── GIVEN DATA ──

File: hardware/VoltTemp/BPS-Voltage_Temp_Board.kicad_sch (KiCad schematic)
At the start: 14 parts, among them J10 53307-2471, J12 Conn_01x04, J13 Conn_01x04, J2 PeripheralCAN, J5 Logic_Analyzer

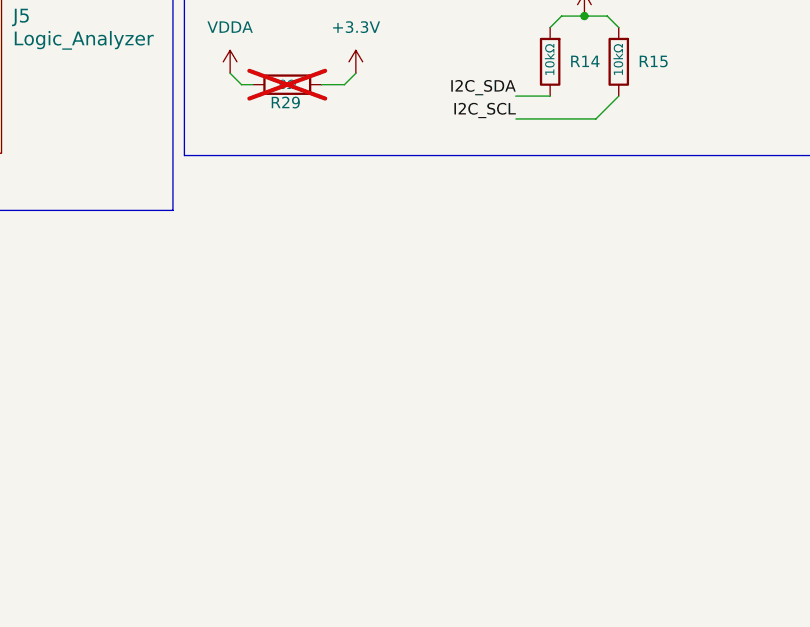
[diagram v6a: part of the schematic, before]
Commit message: voltage testpoints
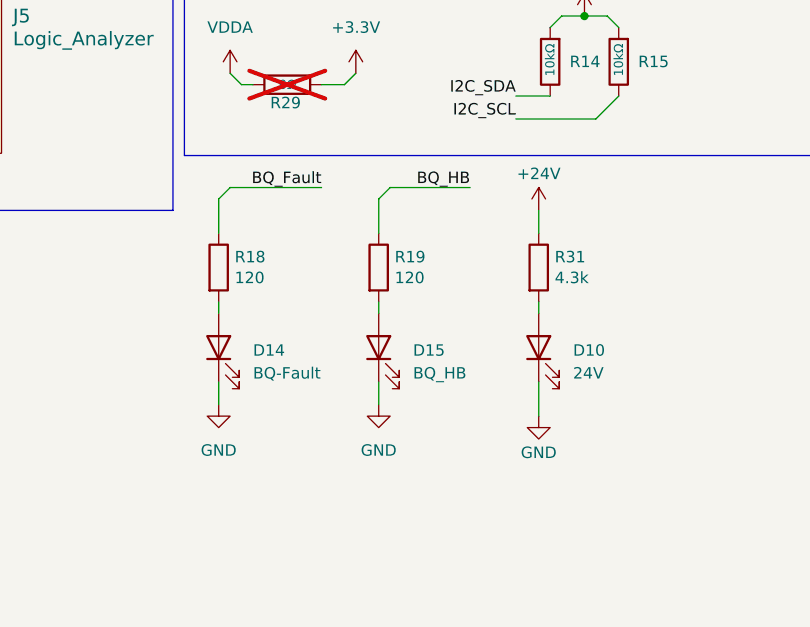
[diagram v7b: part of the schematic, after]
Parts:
- added D10: 24V, LED_SMD:LED_0603_1608Metric_Pad1.05x0.95mm_HandSolder, symbol Device:LED
- added D14: BQ-Fault, LED_SMD:LED_0603_1608Metric_Pad1.05x0.95mm_HandSolder, symbol Device:LED
- added D15: BQ_HB, LED_SMD:LED_0603_1608Metric_Pad1.05x0.95mm_HandSolder, symbol Device:LED
- added R18, R19: 120, Resistor_SMD:R_0603_1608Metric_Pad0.98x0.95mm_HandSolder, symbol Device:R
- added R31: 4.3k, Resistor_SMD:R_0603_1608Metric_Pad0.98x0.95mm_HandSolder, symbol Device:R
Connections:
- net +24V: now also R31.1
- net GND: now also D10.1 (K), D14.1 (K), D15.1 (K)
- new net: D14.2 (A), R18.2
- new net: D15.2 (A), R19.2
- new net: D10.2 (A), R31.2
- new net BQ_Fault: R18.1
- new net BQ_HB: R19.1

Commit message: done except for nanofit footprints
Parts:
- added TP2, TP5: TestPoint, TestPoint:TestPoint_Pad_1.0x1.0mm, symbol Connector:TestPoint
- D10: value 24V -> 3v3
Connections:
- net +24V: no longer R31.1
- net +3.3V: now also R31.1, TP2.1
- net BQ_Fault: now also J10.21 (SPI1_MISO)
- net BQ_HB: now also J10.17 (SPI1_MOSI)
- net GND: now also TP5.1
- no-connect marks 14 -> 12

───

[ACTION ITEM]: Leaving out the pictures, print every record exactly as written.

[RESULT OF THE TASK]:
File: hardware/VoltTemp/BPS-Voltage_Temp_Board.kicad_sch (KiCad schematic)
At the start: 14 parts, among them J10 53307-2471, J12 Conn_01x04, J13 Conn_01x04, J2 PeripheralCAN, J5 Logic_Analyzer

[diagram v6a: part of the schematic, before]
Commit message: voltage testpoints
[diagram v7b: part of the schematic, after]
Parts:
- added D10: 24V, LED_SMD:LED_0603_1608Metric_Pad1.05x0.95mm_HandSolder, symbol Device:LED
- added D14: BQ-Fault, LED_SMD:LED_0603_1608Metric_Pad1.05x0.95mm_HandSolder, symbol Device:LED
- added D15: BQ_HB, LED_SMD:LED_0603_1608Metric_Pad1.05x0.95mm_HandSolder, symbol Device:LED
- added R18, R19: 120, Resistor_SMD:R_0603_1608Metric_Pad0.98x0.95mm_HandSolder, symbol Device:R
- added R31: 4.3k, Resistor_SMD:R_0603_1608Metric_Pad0.98x0.95mm_HandSolder, symbol Device:R
Connections:
- net +24V: now also R31.1
- net GND: now also D10.1 (K), D14.1 (K), D15.1 (K)
- new net: D14.2 (A), R18.2
- new net: D15.2 (A), R19.2
- new net: D10.2 (A), R31.2
- new net BQ_Fault: R18.1
- new net BQ_HB: R19.1

Commit message: done except for nanofit footprints
Parts:
- added TP2, TP5: TestPoint, TestPoint:TestPoint_Pad_1.0x1.0mm, symbol Connector:TestPoint
- D10: value 24V -> 3v3
Connections:
- net +24V: no longer R31.1
- net +3.3V: now also R31.1, TP2.1
- net BQ_Fault: now also J10.21 (SPI1_MISO)
- net BQ_HB: now also J10.17 (SPI1_MOSI)
- net GND: now also TP5.1
- no-connect marks 14 -> 12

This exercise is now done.